A 1.5-mile oval in Motegi, Japan, this course is noted for having both an oval and a road course in the same boundaries. Built by Honda in 1997 to bring more notoriety for American open-wheel racing to Japan, this track was the site of the first win by Danica Patrick in 2008.

In addition, this track was the third race of the 2008 season, but was moved to end of the 2009 season because travel times caused too much of a gap between the race and the Indianapolis 500. Previous winners include Dan Wheldon (2004, 2005), Tony Kanaan (2007), and Danica Patrick (2008).

 

Homestead-Miami Speedway

This 1.5-mile oval is the last race of the 2009 season, and was the opener of the 2008 IndyCar season. Racing fans will note that the NASCAR series also finishes at Homestead-Miami, although not in the same time frame.

The course was originally designed after Indianapolis Motor Speedway, but was reconfigured in 1996, 1997, and 2003 after poor racing and severe crashes marred multiple races.

The 2003 reconfiguration added banking to the turns, helping to improve racing. Although it does not feature exceptionally high speeds, a crash in 2006 caused the death of driver Paul Dana after he was involved in a pre-race crash with Ed Carpenter. Previous winners include Dan Wheldon (2005-2007) and Scott Dixon (2008).

 

Overall, although not optimal, the 2009 IndyCar series schedule is improved. The large gap between Motegi and Indianapolis can be slightly eliminated, and the switch to Miami as a finale in October is, well, different.

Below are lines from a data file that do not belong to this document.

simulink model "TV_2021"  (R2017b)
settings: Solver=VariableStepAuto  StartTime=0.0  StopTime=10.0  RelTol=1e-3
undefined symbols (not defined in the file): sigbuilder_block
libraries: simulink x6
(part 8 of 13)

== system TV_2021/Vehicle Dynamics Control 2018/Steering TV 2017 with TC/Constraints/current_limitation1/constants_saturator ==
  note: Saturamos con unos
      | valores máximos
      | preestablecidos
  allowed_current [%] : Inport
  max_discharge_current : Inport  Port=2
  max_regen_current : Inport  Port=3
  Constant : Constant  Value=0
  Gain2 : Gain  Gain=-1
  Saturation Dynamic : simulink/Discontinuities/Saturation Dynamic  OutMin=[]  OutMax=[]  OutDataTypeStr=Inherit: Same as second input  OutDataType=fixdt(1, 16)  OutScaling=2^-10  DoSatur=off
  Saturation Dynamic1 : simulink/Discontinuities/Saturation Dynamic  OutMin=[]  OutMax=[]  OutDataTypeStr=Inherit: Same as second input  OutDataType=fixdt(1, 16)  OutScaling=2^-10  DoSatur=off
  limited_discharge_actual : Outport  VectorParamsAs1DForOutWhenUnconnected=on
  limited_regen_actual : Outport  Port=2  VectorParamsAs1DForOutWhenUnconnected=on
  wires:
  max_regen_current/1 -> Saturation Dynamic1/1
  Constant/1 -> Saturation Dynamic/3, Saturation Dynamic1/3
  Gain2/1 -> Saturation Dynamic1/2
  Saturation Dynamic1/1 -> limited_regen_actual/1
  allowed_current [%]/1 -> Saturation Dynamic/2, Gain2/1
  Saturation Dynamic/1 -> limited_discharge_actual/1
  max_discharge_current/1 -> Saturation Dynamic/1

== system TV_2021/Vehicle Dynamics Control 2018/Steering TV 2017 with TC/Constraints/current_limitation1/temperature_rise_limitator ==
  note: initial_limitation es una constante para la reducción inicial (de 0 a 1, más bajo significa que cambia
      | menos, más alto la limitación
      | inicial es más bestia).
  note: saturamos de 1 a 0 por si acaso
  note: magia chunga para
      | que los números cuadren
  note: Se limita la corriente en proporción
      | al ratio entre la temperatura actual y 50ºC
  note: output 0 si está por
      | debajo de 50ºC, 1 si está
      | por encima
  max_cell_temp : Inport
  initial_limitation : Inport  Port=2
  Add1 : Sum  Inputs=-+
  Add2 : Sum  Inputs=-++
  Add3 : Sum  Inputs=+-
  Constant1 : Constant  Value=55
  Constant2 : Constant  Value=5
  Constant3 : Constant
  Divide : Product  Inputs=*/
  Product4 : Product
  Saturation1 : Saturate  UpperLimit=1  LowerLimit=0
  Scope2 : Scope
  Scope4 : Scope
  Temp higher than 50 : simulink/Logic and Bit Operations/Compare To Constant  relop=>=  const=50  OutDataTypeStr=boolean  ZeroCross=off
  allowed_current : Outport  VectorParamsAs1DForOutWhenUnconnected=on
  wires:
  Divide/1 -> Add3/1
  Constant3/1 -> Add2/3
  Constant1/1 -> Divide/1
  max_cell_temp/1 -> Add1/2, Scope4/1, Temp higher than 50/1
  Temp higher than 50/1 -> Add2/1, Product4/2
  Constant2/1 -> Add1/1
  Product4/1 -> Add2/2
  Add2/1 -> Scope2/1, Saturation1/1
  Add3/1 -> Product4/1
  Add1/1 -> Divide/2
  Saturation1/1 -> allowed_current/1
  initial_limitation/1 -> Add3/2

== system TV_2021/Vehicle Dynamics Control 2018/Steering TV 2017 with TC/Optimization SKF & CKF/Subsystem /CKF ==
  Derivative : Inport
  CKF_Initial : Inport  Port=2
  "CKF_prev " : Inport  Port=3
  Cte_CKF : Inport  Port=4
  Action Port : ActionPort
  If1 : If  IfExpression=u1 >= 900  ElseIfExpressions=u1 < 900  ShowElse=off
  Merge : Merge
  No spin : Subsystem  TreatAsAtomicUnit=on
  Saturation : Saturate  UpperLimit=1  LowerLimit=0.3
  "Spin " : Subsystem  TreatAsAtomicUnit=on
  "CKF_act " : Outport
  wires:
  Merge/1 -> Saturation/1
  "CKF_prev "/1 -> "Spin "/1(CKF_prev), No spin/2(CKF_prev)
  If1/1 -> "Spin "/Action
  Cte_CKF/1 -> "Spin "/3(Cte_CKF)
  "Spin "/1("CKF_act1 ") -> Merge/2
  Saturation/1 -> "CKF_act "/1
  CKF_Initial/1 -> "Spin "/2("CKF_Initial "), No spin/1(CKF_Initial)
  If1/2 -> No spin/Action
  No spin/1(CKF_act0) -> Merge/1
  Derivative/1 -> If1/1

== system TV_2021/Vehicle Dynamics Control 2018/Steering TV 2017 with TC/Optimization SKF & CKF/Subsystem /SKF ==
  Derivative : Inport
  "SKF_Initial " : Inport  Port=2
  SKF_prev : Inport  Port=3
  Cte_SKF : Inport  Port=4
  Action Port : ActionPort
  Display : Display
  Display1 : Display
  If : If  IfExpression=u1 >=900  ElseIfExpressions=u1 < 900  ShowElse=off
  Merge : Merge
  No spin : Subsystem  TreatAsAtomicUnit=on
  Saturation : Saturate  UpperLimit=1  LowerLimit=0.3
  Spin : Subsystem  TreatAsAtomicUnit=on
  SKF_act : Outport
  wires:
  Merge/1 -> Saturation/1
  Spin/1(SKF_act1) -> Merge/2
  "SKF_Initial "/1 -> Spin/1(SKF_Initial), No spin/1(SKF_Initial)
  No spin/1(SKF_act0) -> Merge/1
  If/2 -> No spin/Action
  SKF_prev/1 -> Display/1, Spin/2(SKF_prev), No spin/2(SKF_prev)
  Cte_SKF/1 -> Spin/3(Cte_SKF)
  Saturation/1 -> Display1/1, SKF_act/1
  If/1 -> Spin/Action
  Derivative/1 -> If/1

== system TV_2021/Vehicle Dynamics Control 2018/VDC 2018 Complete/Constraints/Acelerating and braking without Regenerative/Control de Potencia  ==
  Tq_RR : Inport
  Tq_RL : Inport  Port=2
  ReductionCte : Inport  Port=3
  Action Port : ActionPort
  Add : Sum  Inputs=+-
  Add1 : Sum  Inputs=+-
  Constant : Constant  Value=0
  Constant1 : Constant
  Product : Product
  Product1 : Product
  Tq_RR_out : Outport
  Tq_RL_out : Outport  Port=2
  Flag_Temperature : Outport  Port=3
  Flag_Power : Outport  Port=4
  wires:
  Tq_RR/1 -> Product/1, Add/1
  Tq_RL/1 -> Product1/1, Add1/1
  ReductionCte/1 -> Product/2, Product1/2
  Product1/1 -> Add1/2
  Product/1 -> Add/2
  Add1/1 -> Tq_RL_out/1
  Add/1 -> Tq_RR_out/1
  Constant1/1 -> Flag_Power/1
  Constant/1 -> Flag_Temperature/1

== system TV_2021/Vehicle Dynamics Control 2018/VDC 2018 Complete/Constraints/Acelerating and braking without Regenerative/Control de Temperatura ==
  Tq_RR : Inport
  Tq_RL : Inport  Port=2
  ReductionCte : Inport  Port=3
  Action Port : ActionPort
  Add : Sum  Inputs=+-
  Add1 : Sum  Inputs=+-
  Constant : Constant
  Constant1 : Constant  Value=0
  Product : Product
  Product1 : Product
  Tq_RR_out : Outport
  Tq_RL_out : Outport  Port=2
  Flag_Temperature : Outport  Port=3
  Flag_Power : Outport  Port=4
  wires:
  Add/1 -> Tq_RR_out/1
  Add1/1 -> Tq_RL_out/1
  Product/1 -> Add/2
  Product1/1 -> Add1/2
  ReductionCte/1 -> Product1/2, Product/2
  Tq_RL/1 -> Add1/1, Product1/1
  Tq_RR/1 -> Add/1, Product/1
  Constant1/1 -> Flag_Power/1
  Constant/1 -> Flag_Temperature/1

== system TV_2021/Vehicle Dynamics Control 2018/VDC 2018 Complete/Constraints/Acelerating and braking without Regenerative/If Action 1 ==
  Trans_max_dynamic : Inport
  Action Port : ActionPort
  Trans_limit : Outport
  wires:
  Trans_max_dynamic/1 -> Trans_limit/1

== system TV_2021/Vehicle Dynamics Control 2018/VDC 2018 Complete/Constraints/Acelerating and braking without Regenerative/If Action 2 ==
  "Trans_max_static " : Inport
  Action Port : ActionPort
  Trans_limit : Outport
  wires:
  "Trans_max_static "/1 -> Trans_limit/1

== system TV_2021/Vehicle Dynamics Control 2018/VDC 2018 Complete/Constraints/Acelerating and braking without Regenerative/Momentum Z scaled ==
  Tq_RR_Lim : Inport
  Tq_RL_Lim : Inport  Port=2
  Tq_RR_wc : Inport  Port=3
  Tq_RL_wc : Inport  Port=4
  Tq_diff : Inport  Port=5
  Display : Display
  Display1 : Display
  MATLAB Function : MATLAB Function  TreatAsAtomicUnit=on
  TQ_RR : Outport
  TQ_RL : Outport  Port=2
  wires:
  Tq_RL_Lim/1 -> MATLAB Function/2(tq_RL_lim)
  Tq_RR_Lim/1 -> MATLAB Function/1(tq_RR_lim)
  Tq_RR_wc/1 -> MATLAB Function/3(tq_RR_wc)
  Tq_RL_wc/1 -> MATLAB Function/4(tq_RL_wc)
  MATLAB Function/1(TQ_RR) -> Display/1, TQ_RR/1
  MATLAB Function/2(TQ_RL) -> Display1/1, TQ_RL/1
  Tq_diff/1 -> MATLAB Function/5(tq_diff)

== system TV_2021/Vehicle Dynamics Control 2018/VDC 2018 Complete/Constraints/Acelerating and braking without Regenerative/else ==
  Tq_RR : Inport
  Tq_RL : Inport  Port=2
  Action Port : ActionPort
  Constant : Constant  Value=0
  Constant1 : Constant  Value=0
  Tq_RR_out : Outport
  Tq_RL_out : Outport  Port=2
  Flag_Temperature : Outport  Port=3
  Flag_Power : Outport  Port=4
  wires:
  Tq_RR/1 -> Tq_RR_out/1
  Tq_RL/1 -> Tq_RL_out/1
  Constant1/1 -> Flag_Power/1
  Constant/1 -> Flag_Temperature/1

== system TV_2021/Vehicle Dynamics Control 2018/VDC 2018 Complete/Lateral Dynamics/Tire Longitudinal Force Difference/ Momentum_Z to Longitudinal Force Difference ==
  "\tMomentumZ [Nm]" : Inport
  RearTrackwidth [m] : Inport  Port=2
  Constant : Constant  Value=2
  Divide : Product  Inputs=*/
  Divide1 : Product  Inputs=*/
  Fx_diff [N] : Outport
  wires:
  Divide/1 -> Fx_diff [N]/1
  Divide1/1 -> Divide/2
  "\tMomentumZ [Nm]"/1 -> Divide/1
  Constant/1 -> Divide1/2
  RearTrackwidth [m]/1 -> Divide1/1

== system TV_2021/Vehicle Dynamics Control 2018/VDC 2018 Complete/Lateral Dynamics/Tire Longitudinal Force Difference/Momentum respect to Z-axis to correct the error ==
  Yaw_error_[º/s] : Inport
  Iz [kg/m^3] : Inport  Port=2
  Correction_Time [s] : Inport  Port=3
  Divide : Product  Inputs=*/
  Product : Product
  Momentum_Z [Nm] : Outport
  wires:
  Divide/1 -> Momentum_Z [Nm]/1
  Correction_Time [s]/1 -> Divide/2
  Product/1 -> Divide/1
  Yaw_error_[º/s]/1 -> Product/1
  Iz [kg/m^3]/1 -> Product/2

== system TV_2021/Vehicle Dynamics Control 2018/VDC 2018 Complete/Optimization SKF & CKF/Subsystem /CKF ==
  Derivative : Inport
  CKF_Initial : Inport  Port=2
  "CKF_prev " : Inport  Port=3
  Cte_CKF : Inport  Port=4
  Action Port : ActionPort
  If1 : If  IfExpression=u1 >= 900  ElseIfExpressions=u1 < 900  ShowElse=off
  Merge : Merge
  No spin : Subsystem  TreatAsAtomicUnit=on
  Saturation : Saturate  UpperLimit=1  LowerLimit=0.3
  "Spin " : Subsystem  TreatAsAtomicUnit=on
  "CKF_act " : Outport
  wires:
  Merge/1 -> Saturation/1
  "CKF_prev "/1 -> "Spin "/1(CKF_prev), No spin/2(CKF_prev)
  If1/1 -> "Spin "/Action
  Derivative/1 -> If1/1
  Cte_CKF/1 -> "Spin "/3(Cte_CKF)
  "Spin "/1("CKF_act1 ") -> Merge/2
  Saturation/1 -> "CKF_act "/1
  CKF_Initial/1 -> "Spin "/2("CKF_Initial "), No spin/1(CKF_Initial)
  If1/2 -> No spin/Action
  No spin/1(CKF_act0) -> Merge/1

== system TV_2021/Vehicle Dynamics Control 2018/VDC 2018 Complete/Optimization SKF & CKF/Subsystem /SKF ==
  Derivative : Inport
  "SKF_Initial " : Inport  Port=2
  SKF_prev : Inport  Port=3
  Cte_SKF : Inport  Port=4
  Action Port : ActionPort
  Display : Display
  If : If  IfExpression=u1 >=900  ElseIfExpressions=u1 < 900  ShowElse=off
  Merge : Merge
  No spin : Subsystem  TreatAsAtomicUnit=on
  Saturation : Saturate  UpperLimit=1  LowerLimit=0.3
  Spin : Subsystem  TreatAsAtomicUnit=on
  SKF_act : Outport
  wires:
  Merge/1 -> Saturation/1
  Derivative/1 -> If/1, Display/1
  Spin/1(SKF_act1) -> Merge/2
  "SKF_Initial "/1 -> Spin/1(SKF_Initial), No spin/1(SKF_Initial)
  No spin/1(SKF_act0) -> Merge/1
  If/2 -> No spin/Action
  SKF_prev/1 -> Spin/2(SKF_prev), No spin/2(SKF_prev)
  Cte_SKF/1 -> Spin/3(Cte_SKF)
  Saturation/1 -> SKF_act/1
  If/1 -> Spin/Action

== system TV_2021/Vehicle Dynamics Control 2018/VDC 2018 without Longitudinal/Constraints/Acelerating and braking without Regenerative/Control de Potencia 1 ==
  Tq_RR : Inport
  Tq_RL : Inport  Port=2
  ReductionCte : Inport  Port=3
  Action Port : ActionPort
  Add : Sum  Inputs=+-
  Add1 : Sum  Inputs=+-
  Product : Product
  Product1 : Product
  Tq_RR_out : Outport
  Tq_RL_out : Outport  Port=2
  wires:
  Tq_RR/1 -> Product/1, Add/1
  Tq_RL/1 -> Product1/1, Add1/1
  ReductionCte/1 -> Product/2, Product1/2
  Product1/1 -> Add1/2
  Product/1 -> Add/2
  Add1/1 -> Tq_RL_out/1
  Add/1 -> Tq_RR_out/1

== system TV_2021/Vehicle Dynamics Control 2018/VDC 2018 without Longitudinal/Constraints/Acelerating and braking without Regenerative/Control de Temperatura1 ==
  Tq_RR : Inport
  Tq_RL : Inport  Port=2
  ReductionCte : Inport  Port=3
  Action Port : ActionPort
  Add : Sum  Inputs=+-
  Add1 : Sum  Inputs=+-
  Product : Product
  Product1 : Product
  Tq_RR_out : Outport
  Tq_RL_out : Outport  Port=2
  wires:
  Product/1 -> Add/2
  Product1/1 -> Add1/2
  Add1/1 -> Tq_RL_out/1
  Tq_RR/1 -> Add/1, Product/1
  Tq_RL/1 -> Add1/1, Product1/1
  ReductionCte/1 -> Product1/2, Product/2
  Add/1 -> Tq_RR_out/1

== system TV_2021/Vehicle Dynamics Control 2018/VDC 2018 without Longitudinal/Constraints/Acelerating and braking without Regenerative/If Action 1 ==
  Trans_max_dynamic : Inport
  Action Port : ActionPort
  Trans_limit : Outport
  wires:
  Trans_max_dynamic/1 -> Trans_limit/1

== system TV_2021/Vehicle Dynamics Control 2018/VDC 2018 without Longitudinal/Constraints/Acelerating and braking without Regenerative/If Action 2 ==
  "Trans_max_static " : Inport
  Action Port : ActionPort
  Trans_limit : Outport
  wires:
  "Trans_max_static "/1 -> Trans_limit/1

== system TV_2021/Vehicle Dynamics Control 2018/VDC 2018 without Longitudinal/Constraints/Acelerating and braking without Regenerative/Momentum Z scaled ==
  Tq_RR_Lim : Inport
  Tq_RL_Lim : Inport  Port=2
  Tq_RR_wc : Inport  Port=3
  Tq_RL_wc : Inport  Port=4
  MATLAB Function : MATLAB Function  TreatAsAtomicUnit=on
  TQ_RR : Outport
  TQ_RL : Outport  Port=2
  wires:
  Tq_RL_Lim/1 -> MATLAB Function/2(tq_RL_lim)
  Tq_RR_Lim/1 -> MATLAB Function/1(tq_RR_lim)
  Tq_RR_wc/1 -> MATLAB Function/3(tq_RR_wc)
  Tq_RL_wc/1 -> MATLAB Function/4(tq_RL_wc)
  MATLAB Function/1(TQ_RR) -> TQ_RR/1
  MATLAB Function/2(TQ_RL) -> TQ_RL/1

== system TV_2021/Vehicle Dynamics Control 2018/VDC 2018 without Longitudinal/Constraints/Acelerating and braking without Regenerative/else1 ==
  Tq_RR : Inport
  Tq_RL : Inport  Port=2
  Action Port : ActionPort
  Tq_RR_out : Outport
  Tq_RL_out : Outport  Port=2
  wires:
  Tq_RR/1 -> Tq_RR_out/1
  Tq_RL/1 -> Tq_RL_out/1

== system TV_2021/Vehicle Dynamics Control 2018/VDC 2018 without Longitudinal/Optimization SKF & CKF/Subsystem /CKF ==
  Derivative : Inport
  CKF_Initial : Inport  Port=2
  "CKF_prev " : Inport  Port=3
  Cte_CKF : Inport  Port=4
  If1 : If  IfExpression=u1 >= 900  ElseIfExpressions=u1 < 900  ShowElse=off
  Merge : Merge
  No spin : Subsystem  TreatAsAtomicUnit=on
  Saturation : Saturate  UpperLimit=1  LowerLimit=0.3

Many will complain that the schedule should start earlier (this writer included), but a later finish was much needed. The addition of road courses will shake up the schedule a bit, but the core races on ovals are still present.

Infineon, although appropriate for stock cars, should be switched out for Laguna Seca, if anything. Hopefully, racing can be brought back to a few other ovals, for that has always been the core of IndyCar series racing.